Hello,
we are using Elasticsearch for a search application and are experiencing weird scoring behaviour. I used "explain: true" to understand the scoring and it seems to me that the "docFreq" (number of documents a term is included in) has a wrong value.
I reduced it to the following example (its german, but I think you can understand it nevertheless):
I'm adding two documents with the titles:
"Bürokaufmann"
"Industriekaufmann"
I'm using a decompound filter which works pretty good and results in a number of subwords - and if I understand docFreq right, they should have the following docFrequ-Values:
"Büro" = 1
"Kaufmann" = 2
"Kauf" = 2
"Mann" = 2
"Industrie" = 1
Thus, a "Büro" should have a higher score than "Kaufmann", because "Kaufmann" appears in more documents and is thus a more "generic" term.
But when I search with explain, it shows the following details for the term "Buro":
..."description": "weight(title:buro in 1) [PerFieldSimilarity], result of:",...
`
{
"value": 0.18232156,
"description": "idf, computed as log(1 + (docCount - docFreq + 0.5) / (docFreq + 0.5)) from:",
"details": [
{
"value": 2,
"description": "docFreq",
"details": []
},
{
"value": 2,
"description": "docCount",
"details": []
}
]
},
`
docFreq is 2 instead of 1.
It does this for every subword - it's always docFreq = docCount.
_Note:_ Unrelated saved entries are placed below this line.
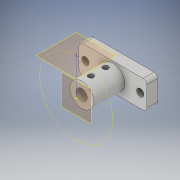
# Autodesk Inventor part: spannring_achse
Saved by Autodesk Inventor 2017 (Build 210142000, 142)
## iProperties
Part Number: spannring_achse
Material: Generisch
Document SubType Name: Modeling
Designer: Fabio
Density: 1 g/cm^3
Appearance: Vorgabe
Author: Fabio
Autodesk Inventor part; units mm, degrees
ref_plane "YZ Plane" through (0, 0, 0) normal (1, 0, 0) x (0, 1, 0)
ref_plane "XZ Plane" through (0, 0, 0) normal (0, 1, 0) x (-1, 0, 0)
ref_plane "XY Plane" through (0, 0, 0) normal (0, 0, 1) x (1, 0, 0)
sketch "Skizze1" plane through (0, 0, 0) normal (0, 1, 0) x (-1, 0, 0)
  circle A0 centre (0, 0) radius 20
  dimension "d0" = 40
  constraints: 1 centre point, 1 coincident
  measures "d0" diameter of A0
extrude "Extrusion1" add sketch "Skizze1" along normal blind 26
ref_plane "Arbeitsebene1" through (0, 26, 0) normal (0, 1, 0) x (1, 0, 0)
sketch "Skizze2" plane through (0, 26, 0) normal (0, 1, 0) x (1, 0, 0)
  circle A0 centre (0, 0) radius 20 projected
  circle A1 centre (0, 0) radius 20 construction
  circle A2 centre (0, 0) radius 20 construction
  line L0 (-15, 0) -> (15, 0) construction
  dimension "d42" = 15
  dimension "d43" = 15
  constraints: 2 coincident, 2 end point, 1 horizontal
  measures "d42" distance of point (0, 0) L0.start
  measures "d43" distance of point (0, 0) point (15, 0)
ref_plane "Arbeitsebene2" through (0, 0, 0) normal (0, -1, 0) x (1, 0, 0)
sketch "Skizze3" plane through (0, 0, 0) normal (0, -1, 0) x (1, 0, 0)
  circle A0 centre (0, 0) radius 20 projected
  constraints: 1 coincident
hole "Bohrung2" at (0, 0, 0) direction (0, 1, 0) diameter 6 depth 20
sketch "Skizze4" plane through (0, 0, 0) normal (0, -1, 0) x (1, 0, 0)
  point P0 (0, 0)
sketch "Skizze5" plane through (0, 0, 0) normal (0, -1, 0) x (1, 0, 0)
  line L0 (0, 0) -> (0, 20) construction
  circle A0 centre (0, 0) radius 20 construction
  constraints: 2 end point, 1 coincident, 1 vertical, 1 vertical alignment, 1 other
ref_plane "Arbeitsebene3" through (0, 0, 20) normal (0, 0, 1) x (1, 0, 0)
sketch "Skizze6" plane through (0, 0, 20) normal (0, 0, 1) x (1, 0, 0)
  line L0 (0, 0) -> (0, 27.6738) construction
  point P0 (0, 8)
  point P1 (0, 16)
  dimension "d25" = 8
  dimension "d26" = 8
  constraints: 2 end point, 2 point on line, 1 vertical
  measures "d25" distance of point (0, 16) point (0, 8)
  measures "d26" distance of L0.start point (0, 8)
hole "Bohrung3" at (0, 16, 20) at (0, 8, 20) direction (0, 0, -1) diameter 3 depth 20 tip angle 118
sketch "Skizze7" plane through (0, 0, 0) normal (0, -1, 0) x (1, 0, 0)
  circle A0 centre (0, 0) radius 6.5
  circle A1 centre (0, 0) radius 20
  dimension "d38" = 13
  dimension "d39" = 40
  constraints: 2 centre point, 2 coincident
  measures "d38" diameter of A0
  measures "d39" diameter of A1
extrude "Extrusion2" cut sketch "Skizze7" against normal blind 20
hole "Bohrung4" at (-15, 26, 0) at (15, 26, 0) direction (0, -1, 0) diameter 4 end through all
sketch "Skizze8" plane through (0, 0, 0) normal (0, -1, 0) x (1, 0, 0)
  line L0 (-20, 7.5) -> (20, 7.5)
  line L1 (20, 7.5) -> (20, -7.5)
  line L2 (20, -7.5) -> (-20, -7.5)
  line L3 (-20, -7.5) -> (-20, 7.5)
  line L4 (-20, 7.5) -> (20, -7.5) construction
  line L5 (20, 7.5) -> (-20, -7.5) construction
  point P0 (0, 0)
  dimension "d52" = 40
  dimension "d53" = 15
  constraints: 12 end point, 2 midpoint, 2 parallel, 1 horizontal, 1 perpendicular
  measures "d52" distance of L1.end L2.end
  measures "d53" distance of L0.end L1.end
extrude "Extrusion3" cut sketch "Skizze8" against normal through all keep common part
sketch "Skizze9" plane through (0, 0, 0) normal (0, -1, 0) x (1, 0, 0)
  line L0 (-15, -15) -> (15, -15)
  line L1 (15, -15) -> (15, 15)
  line L2 (15, 15) -> (-15, 15)
  line L3 (-15, 15) -> (-15, -15)
  line L4 (-15, -15) -> (15, 15) construction
  line L5 (15, -15) -> (-15, 15) construction
  point P0 (0, 0)
  dimension "d56" = 30
  dimension "d57" = 30
  constraints: 12 end point, 2 midpoint, 2 parallel, 1 horizontal, 1 perpendicular
  measures "d56" distance of L2.end L1.end
  measures "d57" distance of L1.end L0.end
extrude "Extrusion4" cut sketch "Skizze9" against normal blind 3
thread "Gewinde5" size "M3x0.5" class "6H" standard "ANSI Metric M Profile" full length
thread "Gewinde6" size "M3x0.5" class "6H" standard "ANSI Metric M Profile" full length
thread "Gewinde7" size "M4x0.7" class "6H" standard "ANSI Metric M Profile" full length
thread "Gewinde8" size "M4x0.7" class "6H" standard "ANSI Metric M Profile" full length
sketch "Skizze10" plane through (0, 26, 0) normal (0, 1, 0) x (1, 0, 0)
  arc A0 (-18.5405, 7.5) -> (-18.5405, -7.5) centre (0, 0) ccw projected
  line L0 (18.5405, 7.5) -> (-18.5405, 7.5)
  line L1 (-18.5405, 7.5) -> (-18.5405, -7.5)
  line L2 (-18.5405, -7.5) -> (18.5405, -7.5)
  line L3 (18.5405, -7.5) -> (18.5405, 7.5)
  line L4 (18.5405, 7.5) -> (-18.5405, -7.5) construction
  line L5 (-18.5405, 7.5) -> (18.5405, -7.5) construction
  constraints: 12 end point, 2 midpoint, 2 parallel, 1 horizontal, 1 perpendicular
extrude "Extrusion5" cut sketch "Skizze10" against normal through all contours L0 L3 L2 L1 keep common part
fillet "Rundung1" radius 2 4 edges at (18.5405, 23, -7.5) (18.5405, 23, 7.5) (-18.5405, 23, -7.5) (-18.5405, 23, 7.5)

Thus, when I search for "Bürokaufmann" I'm getting the same score for the title "Bürokaufmann" as for the title "Industriekaufmann"... basically I'm getting the same score for everything.
Could my mapping / index settings contain sth. weird that produces this error, or am I simply misunderstanding the meaning of docFreq?
Please note, that I am using only 1 Shard, so the "counts are calculated per shard"-thing is hopefully not my problem(?)
I'm thankfull for any suggestions and tipps!